▶ [Task brief] Please copy every record below exactly, leaving out the pictures.

▶ [Dataset records]
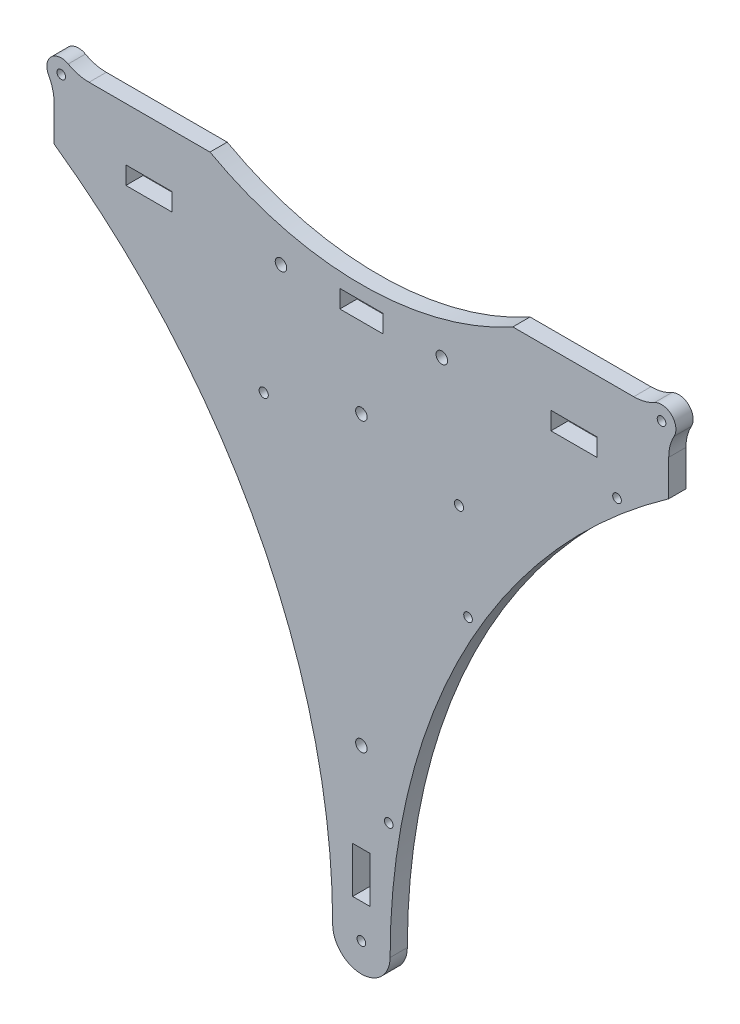
SolidWorks part; units mm, degrees
material "Oak"
ref_plane "Front Plane" through (0, 0, 0) normal (0, 0, 1) x (1, 0, 0)
ref_plane "Top Plane" through (0, 0, 0) normal (0, 1, 0) x (1, 0, 0)
ref_plane "Right Plane" through (0, 0, 0) normal (1, 0, 0) x (0, 0, -1)
sketch "Sketch1" plane through (0, 0, 0) normal (0, 0, 1) x (1, 0, 0)
  line L0 (-66, 82.3) -> (66, 82.3) construction
  line L1 (0, 82.3) -> (0, 0) construction
  line L2 (86.2011, 107) -> (94.8175, 107)
  line L6 (0, -76.6) -> (0, -116.5) construction
  line L7 (-10, -104.5) -> (10, -104.5) construction
  line L8 (-107, 82.3) -> (-107, 94.8175)
  line L9 (-94.8175, 107) -> (-91.7989, 107)
  line L10 (107, 82.3) -> (107, 94.8175)
  line L13 (-82, 88.5) -> (-66, 88.5)
  line L14 (-82, 88.5) -> (-82, 82.3)
  line L15 (-82, 82.3) -> (-66, 82.3)
  line L16 (-66, 88.5) -> (-66, 82.3)
  line L17 (82, 88.5) -> (66, 88.5)
  line L18 (82, 88.5) -> (82, 82.3)
  line L19 (82, 82.3) -> (66, 82.3)
  line L20 (66, 88.5) -> (66, 82.3)
  line L21 (-3.05, -92.6) -> (3.05, -92.6)
  line L22 (-3.05, -92.6) -> (-3.05, -76.6)
  line L23 (-3.05, -76.6) -> (3.05, -76.6)
  line L24 (3.05, -92.6) -> (3.05, -76.6)
  line L32 (52.7171, 107) -> (86.2011, 107)
  line L33 (-7.5, 82.3) -> (7.5, 82.3)
  line L34 (-7.5, 82.3) -> (-7.5, 88.5)
  line L35 (-7.5, 88.5) -> (7.5, 88.5)
  line L36 (7.5, 82.3) -> (7.5, 88.5)
  line L37 (-28, 85.4) -> (28, 85.4) construction
  line L38 (0, 82.3) -> (0, 88.5) construction
  line L40 (-91.7989, 107) -> (-52.7171, 107)
  circle A0 centre (-104.5, 104.5) radius 1.5
  circle A1 centre (104.5, 104.5) radius 1.5
  arc A2 (-52.7171, 107) -> (52.7171, 107) centre (0, 202.3724) ccw
  circle A3 centre (-28, 85.4) radius 2
  circle A4 centre (0, 104.5) radius 1.5 construction
  circle A5 centre (-34, 43.8) radius 1.6
  circle A6 centre (0, 54.4) radius 2
  circle A7 centre (0, -104.5) radius 1.5
  arc A8 (-10, -104.5) -> (10, -104.5) centre (0, -104.5) ccw
  circle A9 centre (0, -45.6) radius 2
  circle A10 centre (28, 85.4) radius 2
  circle A11 centre (-104.5, 0) radius 1.5 [skipped]
  arc A12 (-10, -104.5) -> (-107, 82.3) centre (-238.3672, -104.5) ccw
  arc A13 (10, -104.5) -> (107, 82.3) centre (238.3672, -104.5) cw
  circle A14 centre (104.5, -104.5) radius 1.5 [skipped]
  circle A15 centre (-104.5, -104.5) radius 1.5 [skipped]
  circle A16 centre (104.5, 0) radius 1.5 [skipped]
  arc A17 (108.875, 102.0794) -> (102.0794, 108.875) centre (104.5, 104.5) ccw
  arc A18 (108.875, 102.0794) -> (107, 94.8175) centre (122, 94.8175) ccw
  arc A19 (102.0794, 108.875) -> (94.8175, 107) centre (94.8175, 122) cw
  arc A20 (-102.0794, 108.875) -> (-108.875, 102.0794) centre (-104.5, 104.5) ccw
  arc A21 (-108.875, 102.0794) -> (-107, 94.8175) centre (-122, 94.8175) cw
  arc A22 (-102.0794, 108.875) -> (-94.8175, 107) centre (-94.8175, 122) ccw
  circle A23 centre (34, 43.8) radius 1.6
  point P36 (0, 93.4)
  point P69 (0, 85.4)
  dimension "D4" = 3
  dimension "D16" = 13.6
  dimension "D23" = 28
  dimension "D10" = 4
  dimension "D11" = 100
  dimension "D19" = 3.2
  dimension "D20" = 15
  dimension "D26" = 5
  dimension "D5" = 209
  dimension "D6" = 6.2
  dimension "D7" = 16
  dimension "D8" = 18.5
  dimension "D9" = 181.1
  dimension "D12" = 20
  dimension "D13" = 4
  dimension "D14" = 31
  dimension "D15" = 214
  dimension "D17" = 82
  dimension "D21" = 15
  dimension "D22" = 6.1
  dimension "D24" = 38.5
  dimension "D25" = 34
extrude "Boss-Extrude1" add sketch "Sketch1" along normal blind 6
sketch "Sketch2" plane through (0, 0, 6) normal (0, 0, 1) x (1, 0, 0)
  line L0 (238.3672, -104.5) -> (0, -104.5) construction
  line L1 (238.3672, -104.5) -> (9.5302, -64.1499) construction
  line L2 (238.3672, -104.5) -> (37.1313, 11.6836) construction
  line L3 (238.3672, -104.5) -> (89.0044, 73.5036) construction
  arc A0 (117.5495, 93.9883) -> (6.5512, -120.4956) centre (238.3672, -104.5) ccw construction
  arc A1 (107, 82.3) -> (10, -104.5) centre (238.3672, -104.5) ccw construction
  circle A2 centre (9.5302, -64.1499) radius 1.5
  circle A3 centre (37.1313, 11.6836) radius 1.5
  circle A4 centre (89.0044, 73.5036) radius 1.5
  dimension "D1" = 4
  dimension "D2" = 3
  dimension "D3" = 10
  dimension "D4" = 30
  dimension "D5" = 50
extrude "Cut-Extrude1" cut sketch "Sketch2" against normal through all
equation "\"bed-plate-thickness\"=6"
equation "\"D1@Boss-Extrude1\"=\"bed-plate-thickness\""
equation "\"D22@Sketch1\"=\"y-cross-rib-thickness\"+0.1"
equation "\"D6@Sketch1\"=\"y-rib-thickness\"+0.2"
equation "\"y-cross-rib-thickness\"=6"
equation "\"y-rib-thickness\"=6"
equation "\"x-plate-thickness\"=5"
equation "\"rod-diameter\"=12"
equation "\"t-nut-hole-diameter\"=3"
equation "\"D14@Sketch1\"=28+(\"y-rib-thickness\"/2)"

▶ [Written response]
SolidWorks part; units mm, degrees
material "Oak"
ref_plane "Front Plane" through (0, 0, 0) normal (0, 0, 1) x (1, 0, 0)
ref_plane "Top Plane" through (0, 0, 0) normal (0, 1, 0) x (1, 0, 0)
ref_plane "Right Plane" through (0, 0, 0) normal (1, 0, 0) x (0, 0, -1)
sketch "Sketch1" plane through (0, 0, 0) normal (0, 0, 1) x (1, 0, 0)
  line L0 (-66, 82.3) -> (66, 82.3) construction
  line L1 (0, 82.3) -> (0, 0) construction
  line L2 (86.2011, 107) -> (94.8175, 107)
  line L6 (0, -76.6) -> (0, -116.5) construction
  line L7 (-10, -104.5) -> (10, -104.5) construction
  line L8 (-107, 82.3) -> (-107, 94.8175)
  line L9 (-94.8175, 107) -> (-91.7989, 107)
  line L10 (107, 82.3) -> (107, 94.8175)
  line L13 (-82, 88.5) -> (-66, 88.5)
  line L14 (-82, 88.5) -> (-82, 82.3)
  line L15 (-82, 82.3) -> (-66, 82.3)
  line L16 (-66, 88.5) -> (-66, 82.3)
  line L17 (82, 88.5) -> (66, 88.5)
  line L18 (82, 88.5) -> (82, 82.3)
  line L19 (82, 82.3) -> (66, 82.3)
  line L20 (66, 88.5) -> (66, 82.3)
  line L21 (-3.05, -92.6) -> (3.05, -92.6)
  line L22 (-3.05, -92.6) -> (-3.05, -76.6)
  line L23 (-3.05, -76.6) -> (3.05, -76.6)
  line L24 (3.05, -92.6) -> (3.05, -76.6)
  line L32 (52.7171, 107) -> (86.2011, 107)
  line L33 (-7.5, 82.3) -> (7.5, 82.3)
  line L34 (-7.5, 82.3) -> (-7.5, 88.5)
  line L35 (-7.5, 88.5) -> (7.5, 88.5)
  line L36 (7.5, 82.3) -> (7.5, 88.5)
  line L37 (-28, 85.4) -> (28, 85.4) construction
  line L38 (0, 82.3) -> (0, 88.5) construction
  line L40 (-91.7989, 107) -> (-52.7171, 107)
  circle A0 centre (-104.5, 104.5) radius 1.5
  circle A1 centre (104.5, 104.5) radius 1.5
  arc A2 (-52.7171, 107) -> (52.7171, 107) centre (0, 202.3724) ccw
  circle A3 centre (-28, 85.4) radius 2
  circle A4 centre (0, 104.5) radius 1.5 construction
  circle A5 centre (-34, 43.8) radius 1.6
  circle A6 centre (0, 54.4) radius 2
  circle A7 centre (0, -104.5) radius 1.5
  arc A8 (-10, -104.5) -> (10, -104.5) centre (0, -104.5) ccw
  circle A9 centre (0, -45.6) radius 2
  circle A10 centre (28, 85.4) radius 2
  circle A11 centre (-104.5, 0) radius 1.5 [skipped]
  arc A12 (-10, -104.5) -> (-107, 82.3) centre (-238.3672, -104.5) ccw
  arc A13 (10, -104.5) -> (107, 82.3) centre (238.3672, -104.5) cw
  circle A14 centre (104.5, -104.5) radius 1.5 [skipped]
  circle A15 centre (-104.5, -104.5) radius 1.5 [skipped]
  circle A16 centre (104.5, 0) radius 1.5 [skipped]
  arc A17 (108.875, 102.0794) -> (102.0794, 108.875) centre (104.5, 104.5) ccw
  arc A18 (108.875, 102.0794) -> (107, 94.8175) centre (122, 94.8175) ccw
  arc A19 (102.0794, 108.875) -> (94.8175, 107) centre (94.8175, 122) cw
  arc A20 (-102.0794, 108.875) -> (-108.875, 102.0794) centre (-104.5, 104.5) ccw
  arc A21 (-108.875, 102.0794) -> (-107, 94.8175) centre (-122, 94.8175) cw
  arc A22 (-102.0794, 108.875) -> (-94.8175, 107) centre (-94.8175, 122) ccw
  circle A23 centre (34, 43.8) radius 1.6
  point P36 (0, 93.4)
  point P69 (0, 85.4)
  dimension "D4" = 3
  dimension "D16" = 13.6
  dimension "D23" = 28
  dimension "D10" = 4
  dimension "D11" = 100
  dimension "D19" = 3.2
  dimension "D20" = 15
  dimension "D26" = 5
  dimension "D5" = 209
  dimension "D6" = 6.2
  dimension "D7" = 16
  dimension "D8" = 18.5
  dimension "D9" = 181.1
  dimension "D12" = 20
  dimension "D13" = 4
  dimension "D14" = 31
  dimension "D15" = 214
  dimension "D17" = 82
  dimension "D21" = 15
  dimension "D22" = 6.1
  dimension "D24" = 38.5
  dimension "D25" = 34
extrude "Boss-Extrude1" add sketch "Sketch1" along normal blind 6
sketch "Sketch2" plane through (0, 0, 6) normal (0, 0, 1) x (1, 0, 0)
  line L0 (238.3672, -104.5) -> (0, -104.5) construction
  line L1 (238.3672, -104.5) -> (9.5302, -64.1499) construction
  line L2 (238.3672, -104.5) -> (37.1313, 11.6836) construction
  line L3 (238.3672, -104.5) -> (89.0044, 73.5036) construction
  arc A0 (117.5495, 93.9883) -> (6.5512, -120.4956) centre (238.3672, -104.5) ccw construction
  arc A1 (107, 82.3) -> (10, -104.5) centre (238.3672, -104.5) ccw construction
  circle A2 centre (9.5302, -64.1499) radius 1.5
  circle A3 centre (37.1313, 11.6836) radius 1.5
  circle A4 centre (89.0044, 73.5036) radius 1.5
  dimension "D1" = 4
  dimension "D2" = 3
  dimension "D3" = 10
  dimension "D4" = 30
  dimension "D5" = 50
extrude "Cut-Extrude1" cut sketch "Sketch2" against normal through all
equation "\"bed-plate-thickness\"=6"
equation "\"D1@Boss-Extrude1\"=\"bed-plate-thickness\""
equation "\"D22@Sketch1\"=\"y-cross-rib-thickness\"+0.1"
equation "\"D6@Sketch1\"=\"y-rib-thickness\"+0.2"
equation "\"y-cross-rib-thickness\"=6"
equation "\"y-rib-thickness\"=6"
equation "\"x-plate-thickness\"=5"
equation "\"rod-diameter\"=12"
equation "\"t-nut-hole-diameter\"=3"
equation "\"D14@Sketch1\"=28+(\"y-rib-thickness\"/2)"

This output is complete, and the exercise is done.